→ WHAT IS REQUIRED:
What is needed is an exact transcription of every record, minus the pictures.

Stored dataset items
-=-=-=-=-

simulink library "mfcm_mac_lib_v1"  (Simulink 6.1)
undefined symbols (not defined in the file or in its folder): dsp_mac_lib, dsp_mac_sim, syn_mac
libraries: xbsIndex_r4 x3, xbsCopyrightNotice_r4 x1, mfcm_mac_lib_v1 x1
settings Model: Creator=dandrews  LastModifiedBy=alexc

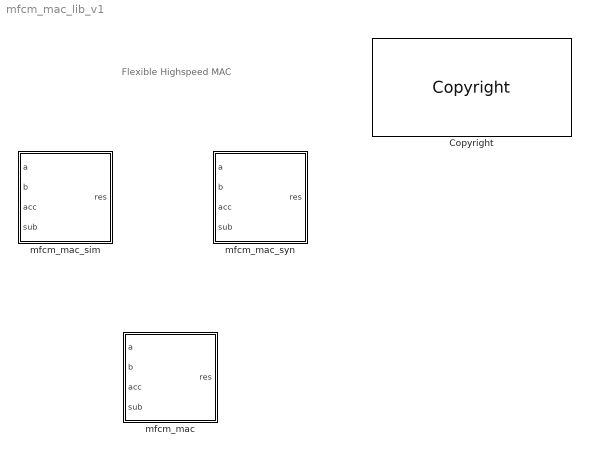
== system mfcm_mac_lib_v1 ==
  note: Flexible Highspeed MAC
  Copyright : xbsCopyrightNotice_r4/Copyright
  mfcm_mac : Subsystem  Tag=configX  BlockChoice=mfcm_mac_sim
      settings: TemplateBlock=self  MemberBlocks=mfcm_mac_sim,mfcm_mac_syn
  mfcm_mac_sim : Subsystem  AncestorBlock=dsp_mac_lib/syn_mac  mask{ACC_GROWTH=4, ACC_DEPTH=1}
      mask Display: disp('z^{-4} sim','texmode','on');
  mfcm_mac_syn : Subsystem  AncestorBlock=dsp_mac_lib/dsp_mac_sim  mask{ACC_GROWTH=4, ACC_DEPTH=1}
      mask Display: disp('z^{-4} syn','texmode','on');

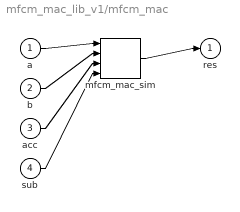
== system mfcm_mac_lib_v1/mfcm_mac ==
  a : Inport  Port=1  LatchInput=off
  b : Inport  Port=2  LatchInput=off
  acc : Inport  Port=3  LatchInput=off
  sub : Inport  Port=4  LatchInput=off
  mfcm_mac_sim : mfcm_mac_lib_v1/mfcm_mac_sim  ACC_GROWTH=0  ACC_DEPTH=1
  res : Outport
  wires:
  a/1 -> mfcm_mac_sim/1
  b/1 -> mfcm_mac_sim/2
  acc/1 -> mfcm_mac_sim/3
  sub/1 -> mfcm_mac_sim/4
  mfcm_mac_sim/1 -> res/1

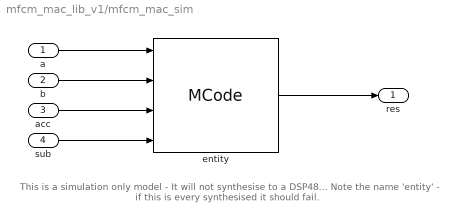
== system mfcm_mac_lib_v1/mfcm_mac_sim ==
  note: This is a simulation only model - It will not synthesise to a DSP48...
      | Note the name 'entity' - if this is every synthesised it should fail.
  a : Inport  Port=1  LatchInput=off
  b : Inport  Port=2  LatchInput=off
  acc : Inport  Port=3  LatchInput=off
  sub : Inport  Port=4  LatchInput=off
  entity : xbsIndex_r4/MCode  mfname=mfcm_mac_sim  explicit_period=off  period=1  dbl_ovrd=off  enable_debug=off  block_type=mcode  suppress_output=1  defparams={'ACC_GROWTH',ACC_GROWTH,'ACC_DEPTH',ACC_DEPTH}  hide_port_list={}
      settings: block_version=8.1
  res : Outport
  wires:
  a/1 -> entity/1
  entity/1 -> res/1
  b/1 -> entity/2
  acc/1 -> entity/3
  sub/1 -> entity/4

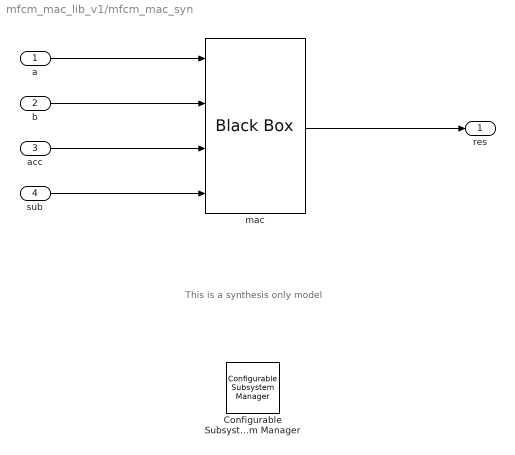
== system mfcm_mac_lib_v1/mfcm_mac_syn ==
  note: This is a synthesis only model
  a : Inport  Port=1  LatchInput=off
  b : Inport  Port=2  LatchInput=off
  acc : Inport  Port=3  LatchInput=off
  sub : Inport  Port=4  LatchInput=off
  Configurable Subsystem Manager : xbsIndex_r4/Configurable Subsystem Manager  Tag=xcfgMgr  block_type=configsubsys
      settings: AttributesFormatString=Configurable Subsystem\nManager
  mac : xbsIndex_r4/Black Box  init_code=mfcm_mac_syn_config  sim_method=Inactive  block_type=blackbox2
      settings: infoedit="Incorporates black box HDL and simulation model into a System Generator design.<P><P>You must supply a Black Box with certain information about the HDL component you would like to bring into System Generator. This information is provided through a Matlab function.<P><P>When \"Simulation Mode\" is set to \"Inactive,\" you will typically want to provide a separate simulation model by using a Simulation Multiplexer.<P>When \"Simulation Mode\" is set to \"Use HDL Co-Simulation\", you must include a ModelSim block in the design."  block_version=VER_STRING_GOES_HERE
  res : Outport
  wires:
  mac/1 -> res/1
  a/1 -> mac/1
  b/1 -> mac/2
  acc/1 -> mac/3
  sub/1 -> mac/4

-=-=-=-=-

→ REPLY TO THE EXERCISE:
simulink library "mfcm_mac_lib_v1"  (Simulink 6.1)
undefined symbols (not defined in the file or in its folder): dsp_mac_lib, dsp_mac_sim, syn_mac
libraries: xbsIndex_r4 x3, xbsCopyrightNotice_r4 x1, mfcm_mac_lib_v1 x1
settings Model: Creator=dandrews  LastModifiedBy=alexc

== system mfcm_mac_lib_v1 ==
  note: Flexible Highspeed MAC
  Copyright : xbsCopyrightNotice_r4/Copyright
  mfcm_mac : Subsystem  Tag=configX  BlockChoice=mfcm_mac_sim
      settings: TemplateBlock=self  MemberBlocks=mfcm_mac_sim,mfcm_mac_syn
  mfcm_mac_sim : Subsystem  AncestorBlock=dsp_mac_lib/syn_mac  mask{ACC_GROWTH=4, ACC_DEPTH=1}
      mask Display: disp('z^{-4} sim','texmode','on');
  mfcm_mac_syn : Subsystem  AncestorBlock=dsp_mac_lib/dsp_mac_sim  mask{ACC_GROWTH=4, ACC_DEPTH=1}
      mask Display: disp('z^{-4} syn','texmode','on');

== system mfcm_mac_lib_v1/mfcm_mac ==
  a : Inport  Port=1  LatchInput=off
  b : Inport  Port=2  LatchInput=off
  acc : Inport  Port=3  LatchInput=off
  sub : Inport  Port=4  LatchInput=off
  mfcm_mac_sim : mfcm_mac_lib_v1/mfcm_mac_sim  ACC_GROWTH=0  ACC_DEPTH=1
  res : Outport
  wires:
  a/1 -> mfcm_mac_sim/1
  b/1 -> mfcm_mac_sim/2
  acc/1 -> mfcm_mac_sim/3
  sub/1 -> mfcm_mac_sim/4
  mfcm_mac_sim/1 -> res/1

== system mfcm_mac_lib_v1/mfcm_mac_sim ==
  note: This is a simulation only model - It will not synthesise to a DSP48...
      | Note the name 'entity' - if this is every synthesised it should fail.
  a : Inport  Port=1  LatchInput=off
  b : Inport  Port=2  LatchInput=off
  acc : Inport  Port=3  LatchInput=off
  sub : Inport  Port=4  LatchInput=off
  entity : xbsIndex_r4/MCode  mfname=mfcm_mac_sim  explicit_period=off  period=1  dbl_ovrd=off  enable_debug=off  block_type=mcode  suppress_output=1  defparams={'ACC_GROWTH',ACC_GROWTH,'ACC_DEPTH',ACC_DEPTH}  hide_port_list={}
      settings: block_version=8.1
  res : Outport
  wires:
  a/1 -> entity/1
  entity/1 -> res/1
  b/1 -> entity/2
  acc/1 -> entity/3
  sub/1 -> entity/4

== system mfcm_mac_lib_v1/mfcm_mac_syn ==
  note: This is a synthesis only model
  a : Inport  Port=1  LatchInput=off
  b : Inport  Port=2  LatchInput=off
  acc : Inport  Port=3  LatchInput=off
  sub : Inport  Port=4  LatchInput=off
  Configurable Subsystem Manager : xbsIndex_r4/Configurable Subsystem Manager  Tag=xcfgMgr  block_type=configsubsys
      settings: AttributesFormatString=Configurable Subsystem\nManager
  mac : xbsIndex_r4/Black Box  init_code=mfcm_mac_syn_config  sim_method=Inactive  block_type=blackbox2
      settings: infoedit="Incorporates black box HDL and simulation model into a System Generator design.<P><P>You must supply a Black Box with certain information about the HDL component you would like to bring into System Generator. This information is provided through a Matlab function.<P><P>When \"Simulation Mode\" is set to \"Inactive,\" you will typically want to provide a separate simulation model by using a Simulation Multiplexer.<P>When \"Simulation Mode\" is set to \"Use HDL Co-Simulation\", you must include a ModelSim block in the design."  block_version=VER_STRING_GOES_HERE
  res : Outport
  wires:
  mac/1 -> res/1
  a/1 -> mac/1
  b/1 -> mac/2
  acc/1 -> mac/3
  sub/1 -> mac/4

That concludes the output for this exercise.